## ASSIGNMENT
Below are some records; output exactly the lines from the line with "Length unit declared in the file: inch" to the line with "#10267 = CARTESIAN_POINT", both ends kept, and nothing more.

*** RECORDED INFORMATION ***

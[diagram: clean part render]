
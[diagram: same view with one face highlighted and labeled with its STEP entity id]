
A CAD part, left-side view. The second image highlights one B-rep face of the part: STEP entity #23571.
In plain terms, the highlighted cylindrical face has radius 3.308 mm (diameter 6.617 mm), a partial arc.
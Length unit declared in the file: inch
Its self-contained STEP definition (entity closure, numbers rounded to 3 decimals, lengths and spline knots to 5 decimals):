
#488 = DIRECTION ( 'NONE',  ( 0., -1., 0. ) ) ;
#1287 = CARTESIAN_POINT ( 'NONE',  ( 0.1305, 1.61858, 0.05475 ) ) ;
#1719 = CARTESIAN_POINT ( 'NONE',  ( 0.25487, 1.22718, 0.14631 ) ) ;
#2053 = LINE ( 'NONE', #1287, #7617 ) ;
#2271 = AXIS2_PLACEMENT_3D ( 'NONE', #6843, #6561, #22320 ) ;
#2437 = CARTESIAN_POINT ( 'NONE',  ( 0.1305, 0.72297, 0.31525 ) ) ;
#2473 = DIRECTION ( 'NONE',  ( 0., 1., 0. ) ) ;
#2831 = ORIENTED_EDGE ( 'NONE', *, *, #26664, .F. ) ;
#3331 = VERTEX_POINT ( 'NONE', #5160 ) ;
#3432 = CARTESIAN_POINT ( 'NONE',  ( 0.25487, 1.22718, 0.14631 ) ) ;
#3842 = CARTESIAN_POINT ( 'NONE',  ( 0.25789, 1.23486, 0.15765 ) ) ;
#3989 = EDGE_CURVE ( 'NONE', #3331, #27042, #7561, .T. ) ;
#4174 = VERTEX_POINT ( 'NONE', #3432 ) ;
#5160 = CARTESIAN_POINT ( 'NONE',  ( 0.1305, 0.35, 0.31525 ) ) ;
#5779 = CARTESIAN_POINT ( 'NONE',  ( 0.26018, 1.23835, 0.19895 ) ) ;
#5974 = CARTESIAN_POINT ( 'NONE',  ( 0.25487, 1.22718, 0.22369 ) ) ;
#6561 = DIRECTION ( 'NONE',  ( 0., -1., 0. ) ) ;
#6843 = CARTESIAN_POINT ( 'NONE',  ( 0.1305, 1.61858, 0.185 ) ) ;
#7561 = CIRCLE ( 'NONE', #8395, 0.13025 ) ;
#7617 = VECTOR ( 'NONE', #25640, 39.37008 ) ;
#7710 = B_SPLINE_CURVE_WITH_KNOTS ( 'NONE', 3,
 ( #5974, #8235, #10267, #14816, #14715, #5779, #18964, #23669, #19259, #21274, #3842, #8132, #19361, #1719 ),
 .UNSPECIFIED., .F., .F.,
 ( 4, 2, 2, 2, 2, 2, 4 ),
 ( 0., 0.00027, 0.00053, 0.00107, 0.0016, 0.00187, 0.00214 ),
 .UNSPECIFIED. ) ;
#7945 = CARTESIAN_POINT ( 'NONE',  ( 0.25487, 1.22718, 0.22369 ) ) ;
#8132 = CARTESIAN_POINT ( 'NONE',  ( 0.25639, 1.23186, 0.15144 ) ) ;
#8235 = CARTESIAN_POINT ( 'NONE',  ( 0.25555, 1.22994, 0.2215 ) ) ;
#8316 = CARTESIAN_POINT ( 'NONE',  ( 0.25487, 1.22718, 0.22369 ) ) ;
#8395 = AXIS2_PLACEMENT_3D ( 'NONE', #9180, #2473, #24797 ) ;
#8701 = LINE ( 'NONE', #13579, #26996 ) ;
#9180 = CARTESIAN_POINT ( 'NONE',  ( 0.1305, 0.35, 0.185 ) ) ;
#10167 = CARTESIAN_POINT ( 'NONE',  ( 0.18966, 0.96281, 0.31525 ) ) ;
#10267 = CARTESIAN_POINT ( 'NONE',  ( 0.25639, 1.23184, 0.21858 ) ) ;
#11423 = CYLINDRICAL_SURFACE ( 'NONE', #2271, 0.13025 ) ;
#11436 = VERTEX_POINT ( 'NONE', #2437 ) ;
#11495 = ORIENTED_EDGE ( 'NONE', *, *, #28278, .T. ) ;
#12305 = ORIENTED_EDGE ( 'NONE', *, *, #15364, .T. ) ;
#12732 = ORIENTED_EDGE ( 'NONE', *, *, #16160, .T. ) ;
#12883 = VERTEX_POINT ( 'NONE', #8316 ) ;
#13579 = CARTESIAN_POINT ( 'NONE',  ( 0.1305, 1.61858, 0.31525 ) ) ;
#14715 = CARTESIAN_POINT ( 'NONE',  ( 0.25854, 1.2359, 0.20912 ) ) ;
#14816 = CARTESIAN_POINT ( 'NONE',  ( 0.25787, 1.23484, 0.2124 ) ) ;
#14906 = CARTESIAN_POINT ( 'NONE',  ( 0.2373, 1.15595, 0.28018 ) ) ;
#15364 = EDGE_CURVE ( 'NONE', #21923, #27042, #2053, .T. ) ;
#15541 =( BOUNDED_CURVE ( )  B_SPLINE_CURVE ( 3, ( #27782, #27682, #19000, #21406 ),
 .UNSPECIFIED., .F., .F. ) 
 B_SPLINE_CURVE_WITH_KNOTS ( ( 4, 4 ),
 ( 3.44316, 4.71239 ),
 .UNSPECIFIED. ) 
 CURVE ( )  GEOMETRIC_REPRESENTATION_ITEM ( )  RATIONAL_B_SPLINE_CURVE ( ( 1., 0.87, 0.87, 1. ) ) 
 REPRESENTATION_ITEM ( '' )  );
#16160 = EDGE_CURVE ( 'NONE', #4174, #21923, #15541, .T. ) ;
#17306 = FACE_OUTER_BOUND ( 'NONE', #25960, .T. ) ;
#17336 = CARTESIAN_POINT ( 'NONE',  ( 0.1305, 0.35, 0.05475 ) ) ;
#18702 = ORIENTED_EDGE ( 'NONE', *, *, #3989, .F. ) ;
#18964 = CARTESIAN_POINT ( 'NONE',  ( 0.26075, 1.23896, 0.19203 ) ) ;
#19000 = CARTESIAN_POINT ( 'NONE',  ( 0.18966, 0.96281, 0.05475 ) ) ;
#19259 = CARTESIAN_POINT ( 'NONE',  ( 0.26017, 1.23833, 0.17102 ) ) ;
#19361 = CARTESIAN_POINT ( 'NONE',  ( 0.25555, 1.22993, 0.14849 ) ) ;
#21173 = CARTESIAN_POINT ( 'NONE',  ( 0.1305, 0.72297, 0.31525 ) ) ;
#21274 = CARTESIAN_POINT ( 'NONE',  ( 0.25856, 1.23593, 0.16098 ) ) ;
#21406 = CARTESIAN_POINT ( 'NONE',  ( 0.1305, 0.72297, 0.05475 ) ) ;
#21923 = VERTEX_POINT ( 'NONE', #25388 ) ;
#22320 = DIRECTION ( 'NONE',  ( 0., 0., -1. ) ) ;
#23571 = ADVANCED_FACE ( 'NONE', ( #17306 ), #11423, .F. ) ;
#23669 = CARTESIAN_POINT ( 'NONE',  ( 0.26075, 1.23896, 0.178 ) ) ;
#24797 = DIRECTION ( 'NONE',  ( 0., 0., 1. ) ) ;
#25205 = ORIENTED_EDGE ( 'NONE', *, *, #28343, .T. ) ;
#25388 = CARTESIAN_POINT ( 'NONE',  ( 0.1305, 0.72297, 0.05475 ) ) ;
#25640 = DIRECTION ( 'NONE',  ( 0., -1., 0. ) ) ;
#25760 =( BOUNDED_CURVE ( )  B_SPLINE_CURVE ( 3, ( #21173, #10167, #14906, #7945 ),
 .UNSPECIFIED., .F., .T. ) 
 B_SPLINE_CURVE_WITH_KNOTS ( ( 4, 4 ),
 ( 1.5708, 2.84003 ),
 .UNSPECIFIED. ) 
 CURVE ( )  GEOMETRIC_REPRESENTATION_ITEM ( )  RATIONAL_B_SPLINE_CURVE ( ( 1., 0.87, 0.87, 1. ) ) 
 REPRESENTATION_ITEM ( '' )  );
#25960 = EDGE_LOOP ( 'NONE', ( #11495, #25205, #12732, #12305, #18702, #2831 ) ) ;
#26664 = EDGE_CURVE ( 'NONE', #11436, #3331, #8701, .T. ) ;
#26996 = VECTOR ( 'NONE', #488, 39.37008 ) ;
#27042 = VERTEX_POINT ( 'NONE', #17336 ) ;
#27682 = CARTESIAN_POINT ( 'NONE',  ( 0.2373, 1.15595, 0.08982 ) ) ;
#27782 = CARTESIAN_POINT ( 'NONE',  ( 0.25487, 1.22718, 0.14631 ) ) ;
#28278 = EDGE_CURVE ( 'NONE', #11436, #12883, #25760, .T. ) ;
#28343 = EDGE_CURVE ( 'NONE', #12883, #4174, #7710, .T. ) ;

*** End of RECORDED INFORMATION ***

## EXPECTED ANSWER
Length unit declared in the file: inch
Its self-contained STEP definition (entity closure, numbers rounded to 3 decimals, lengths and spline knots to 5 decimals):
#488 = DIRECTION ( 'NONE',  ( 0., -1., 0. ) ) ;
#1287 = CARTESIAN_POINT ( 'NONE',  ( 0.1305, 1.61858, 0.05475 ) ) ;
#1719 = CARTESIAN_POINT ( 'NONE',  ( 0.25487, 1.22718, 0.14631 ) ) ;
#2053 = LINE ( 'NONE', #1287, #7617 ) ;
#2271 = AXIS2_PLACEMENT_3D ( 'NONE', #6843, #6561, #22320 ) ;
#2437 = CARTESIAN_POINT ( 'NONE',  ( 0.1305, 0.72297, 0.31525 ) ) ;
#2473 = DIRECTION ( 'NONE',  ( 0., 1., 0. ) ) ;
#2831 = ORIENTED_EDGE ( 'NONE', *, *, #26664, .F. ) ;
#3331 = VERTEX_POINT ( 'NONE', #5160 ) ;
#3432 = CARTESIAN_POINT ( 'NONE',  ( 0.25487, 1.22718, 0.14631 ) ) ;
#3842 = CARTESIAN_POINT ( 'NONE',  ( 0.25789, 1.23486, 0.15765 ) ) ;
#3989 = EDGE_CURVE ( 'NONE', #3331, #27042, #7561, .T. ) ;
#4174 = VERTEX_POINT ( 'NONE', #3432 ) ;
#5160 = CARTESIAN_POINT ( 'NONE',  ( 0.1305, 0.35, 0.31525 ) ) ;
#5779 = CARTESIAN_POINT ( 'NONE',  ( 0.26018, 1.23835, 0.19895 ) ) ;
#5974 = CARTESIAN_POINT ( 'NONE',  ( 0.25487, 1.22718, 0.22369 ) ) ;
#6561 = DIRECTION ( 'NONE',  ( 0., -1., 0. ) ) ;
#6843 = CARTESIAN_POINT ( 'NONE',  ( 0.1305, 1.61858, 0.185 ) ) ;
#7561 = CIRCLE ( 'NONE', #8395, 0.13025 ) ;
#7617 = VECTOR ( 'NONE', #25640, 39.37008 ) ;
#7710 = B_SPLINE_CURVE_WITH_KNOTS ( 'NONE', 3,
 ( #5974, #8235, #10267, #14816, #14715, #5779, #18964, #23669, #19259, #21274, #3842, #8132, #19361, #1719 ),
 .UNSPECIFIED., .F., .F.,
 ( 4, 2, 2, 2, 2, 2, 4 ),
 ( 0., 0.00027, 0.00053, 0.00107, 0.0016, 0.00187, 0.00214 ),
 .UNSPECIFIED. ) ;
#7945 = CARTESIAN_POINT ( 'NONE',  ( 0.25487, 1.22718, 0.22369 ) ) ;
#8132 = CARTESIAN_POINT ( 'NONE',  ( 0.25639, 1.23186, 0.15144 ) ) ;
#8235 = CARTESIAN_POINT ( 'NONE',  ( 0.25555, 1.22994, 0.2215 ) ) ;
#8316 = CARTESIAN_POINT ( 'NONE',  ( 0.25487, 1.22718, 0.22369 ) ) ;
#8395 = AXIS2_PLACEMENT_3D ( 'NONE', #9180, #2473, #24797 ) ;
#8701 = LINE ( 'NONE', #13579, #26996 ) ;
#9180 = CARTESIAN_POINT ( 'NONE',  ( 0.1305, 0.35, 0.185 ) ) ;
#10167 = CARTESIAN_POINT ( 'NONE',  ( 0.18966, 0.96281, 0.31525 ) ) ;
#10267 = CARTESIAN_POINT ( 'NONE',  ( 0.25639, 1.23184, 0.21858 ) ) ;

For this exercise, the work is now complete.